Welcome To New York Review

Welcome To New York
The sexual appetite of banking bigwig Devereaux (Depardieu) leads to his downfall, as he is charged with the indecent assault of a hotel maid.

by David Hughes |
Published on
Release Date:

08 Aug 2014

Running Time:

125 minutes

Certificate:

18

Original Title:

Welcome To New York

In May 2011, International Monetary Fund president Dominique Strauss-Kahn was arrested in New York for sexual assault. Although the case collapsed, Strauss-Kahn’s career and marriage were in tatters, his French Presidential hopes dashed. The fact that the charges were never publicly proven (the victim’s civil case was settled out of court) hasn’t stopped firebrand director Abel Ferrara from making a film inspired by the incident and its aftermath. Although the names have been changed, and the film opens with a bold disclaimer claiming it’s all made up, you could be forgiven for thinking it’s as thinly disguised as a warthog wearing a hat. In an equally litigation-baiting move, Ferrara has used many of the actual locations to tell his story, which begins with a series of orgiastic sexcapades that make Eyes Wide Shut look like Brief Encounter.
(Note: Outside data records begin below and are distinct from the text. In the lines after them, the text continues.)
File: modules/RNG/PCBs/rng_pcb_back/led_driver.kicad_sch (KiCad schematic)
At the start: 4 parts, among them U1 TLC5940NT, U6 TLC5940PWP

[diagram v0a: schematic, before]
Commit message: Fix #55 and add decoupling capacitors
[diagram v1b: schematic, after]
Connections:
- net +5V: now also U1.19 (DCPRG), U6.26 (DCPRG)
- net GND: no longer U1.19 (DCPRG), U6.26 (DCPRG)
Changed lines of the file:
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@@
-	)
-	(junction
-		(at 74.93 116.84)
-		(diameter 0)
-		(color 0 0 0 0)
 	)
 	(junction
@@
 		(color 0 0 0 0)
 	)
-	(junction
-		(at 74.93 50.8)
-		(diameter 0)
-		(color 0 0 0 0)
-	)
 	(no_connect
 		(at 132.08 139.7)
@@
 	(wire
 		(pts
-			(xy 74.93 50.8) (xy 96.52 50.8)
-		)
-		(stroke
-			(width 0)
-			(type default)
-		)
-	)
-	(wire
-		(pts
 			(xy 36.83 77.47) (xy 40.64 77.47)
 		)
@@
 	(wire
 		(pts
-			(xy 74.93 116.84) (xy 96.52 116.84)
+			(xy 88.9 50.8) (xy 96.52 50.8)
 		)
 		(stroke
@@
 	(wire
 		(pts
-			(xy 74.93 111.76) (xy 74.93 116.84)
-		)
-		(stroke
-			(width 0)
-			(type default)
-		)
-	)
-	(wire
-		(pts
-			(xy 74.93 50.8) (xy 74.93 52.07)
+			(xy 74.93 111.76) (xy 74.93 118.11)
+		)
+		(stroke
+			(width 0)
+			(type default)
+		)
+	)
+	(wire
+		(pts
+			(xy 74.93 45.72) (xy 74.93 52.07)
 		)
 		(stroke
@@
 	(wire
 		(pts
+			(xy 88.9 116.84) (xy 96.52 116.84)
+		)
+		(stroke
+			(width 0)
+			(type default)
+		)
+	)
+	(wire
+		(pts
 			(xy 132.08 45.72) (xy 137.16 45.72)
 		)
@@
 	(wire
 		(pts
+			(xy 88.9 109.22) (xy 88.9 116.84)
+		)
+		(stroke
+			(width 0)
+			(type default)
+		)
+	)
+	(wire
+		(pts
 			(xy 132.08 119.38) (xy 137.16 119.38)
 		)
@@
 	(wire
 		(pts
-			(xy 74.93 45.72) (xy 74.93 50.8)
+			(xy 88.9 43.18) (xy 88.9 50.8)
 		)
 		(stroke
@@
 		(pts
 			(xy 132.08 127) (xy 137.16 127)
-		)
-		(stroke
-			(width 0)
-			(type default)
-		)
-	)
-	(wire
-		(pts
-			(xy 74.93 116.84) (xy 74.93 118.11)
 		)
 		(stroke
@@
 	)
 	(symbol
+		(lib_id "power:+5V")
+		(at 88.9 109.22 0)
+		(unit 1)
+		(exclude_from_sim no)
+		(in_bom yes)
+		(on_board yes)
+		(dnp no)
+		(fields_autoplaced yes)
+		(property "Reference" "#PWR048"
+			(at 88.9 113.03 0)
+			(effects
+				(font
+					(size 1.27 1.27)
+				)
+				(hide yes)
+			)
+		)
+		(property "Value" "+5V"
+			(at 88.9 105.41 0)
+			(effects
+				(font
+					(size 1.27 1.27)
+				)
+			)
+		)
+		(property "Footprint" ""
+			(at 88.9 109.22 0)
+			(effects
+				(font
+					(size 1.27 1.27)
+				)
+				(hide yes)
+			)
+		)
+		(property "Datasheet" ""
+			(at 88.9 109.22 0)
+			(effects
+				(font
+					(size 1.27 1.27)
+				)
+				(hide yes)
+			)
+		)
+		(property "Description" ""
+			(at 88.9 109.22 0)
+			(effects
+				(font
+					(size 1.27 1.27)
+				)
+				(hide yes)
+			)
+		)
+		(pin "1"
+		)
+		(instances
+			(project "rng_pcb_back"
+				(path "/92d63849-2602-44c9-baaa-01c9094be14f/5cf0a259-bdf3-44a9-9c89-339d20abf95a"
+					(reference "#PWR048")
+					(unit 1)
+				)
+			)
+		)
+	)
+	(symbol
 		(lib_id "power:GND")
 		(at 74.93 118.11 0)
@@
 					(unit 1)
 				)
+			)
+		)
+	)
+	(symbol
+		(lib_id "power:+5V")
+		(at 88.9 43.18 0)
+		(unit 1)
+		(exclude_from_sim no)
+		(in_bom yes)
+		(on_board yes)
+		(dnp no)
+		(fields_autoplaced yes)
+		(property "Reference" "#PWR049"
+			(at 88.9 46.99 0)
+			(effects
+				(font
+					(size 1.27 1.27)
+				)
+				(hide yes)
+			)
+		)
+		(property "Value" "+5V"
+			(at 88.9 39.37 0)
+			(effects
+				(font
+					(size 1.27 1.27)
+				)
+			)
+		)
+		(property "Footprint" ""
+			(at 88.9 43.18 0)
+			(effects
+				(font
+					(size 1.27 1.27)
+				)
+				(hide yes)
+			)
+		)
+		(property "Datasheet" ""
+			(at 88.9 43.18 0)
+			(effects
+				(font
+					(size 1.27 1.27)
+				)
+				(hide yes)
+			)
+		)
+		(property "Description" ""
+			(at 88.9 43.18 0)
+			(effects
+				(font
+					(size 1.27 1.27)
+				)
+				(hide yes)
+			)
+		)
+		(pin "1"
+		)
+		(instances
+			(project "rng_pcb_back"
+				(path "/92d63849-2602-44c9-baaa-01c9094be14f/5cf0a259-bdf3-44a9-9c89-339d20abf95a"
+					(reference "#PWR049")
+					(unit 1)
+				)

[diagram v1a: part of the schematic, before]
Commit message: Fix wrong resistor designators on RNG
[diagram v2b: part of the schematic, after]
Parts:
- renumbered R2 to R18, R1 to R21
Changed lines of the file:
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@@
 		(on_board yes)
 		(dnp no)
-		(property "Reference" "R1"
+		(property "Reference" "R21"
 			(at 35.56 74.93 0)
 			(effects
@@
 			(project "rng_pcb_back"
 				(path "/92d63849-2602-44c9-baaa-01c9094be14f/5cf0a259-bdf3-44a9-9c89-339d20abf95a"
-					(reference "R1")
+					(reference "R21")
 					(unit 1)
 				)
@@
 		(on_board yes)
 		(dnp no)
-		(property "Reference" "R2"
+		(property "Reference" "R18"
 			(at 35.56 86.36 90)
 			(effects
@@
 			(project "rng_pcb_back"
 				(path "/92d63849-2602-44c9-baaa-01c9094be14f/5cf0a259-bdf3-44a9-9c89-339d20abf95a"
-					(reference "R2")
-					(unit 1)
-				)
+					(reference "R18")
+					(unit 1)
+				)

Nothing in the film’s graphic sexual content or ripped-from-the-headlines immediacy, however, comes close to the outrageousness of Gérard Depardieu’s central performance, which makes even a phrase like tour de force seem inadequate and flaccid; it’s one of those larger-than-life performances — Cagney in White Heat, Pacino

in Scarface, Nicholson in The Shining, Day-Lewis in There Will Be Blood — that seem to come along only a couple of times a decade. Jacqueline Bisset gets a couple of terrific scenes as Devereaux’s long-suffering wife Simone, but this is Depardieu’s film. Frequently naked, grunting and snorting like a rutting bull, he cuts an alternately porcine and bovine figure, a sex-crazed Obélix in a business suit. Recalling Harvey Keitel’s tortured cop in Ferrara’s Bad Lieutenant, Devereaux is an unreconstructed, unrepentant monster with no hope of, or interest in, redemption. It’s a fearless, heroic performance in a provocative, important film.

It may be ageing provocateur Abel Ferrara’s best film since King Of New York, but the film belongs to Depardieu. Like that painting of Kramer in Seinfeld, he is a loathsome, offensive brute, yet you can’t look away.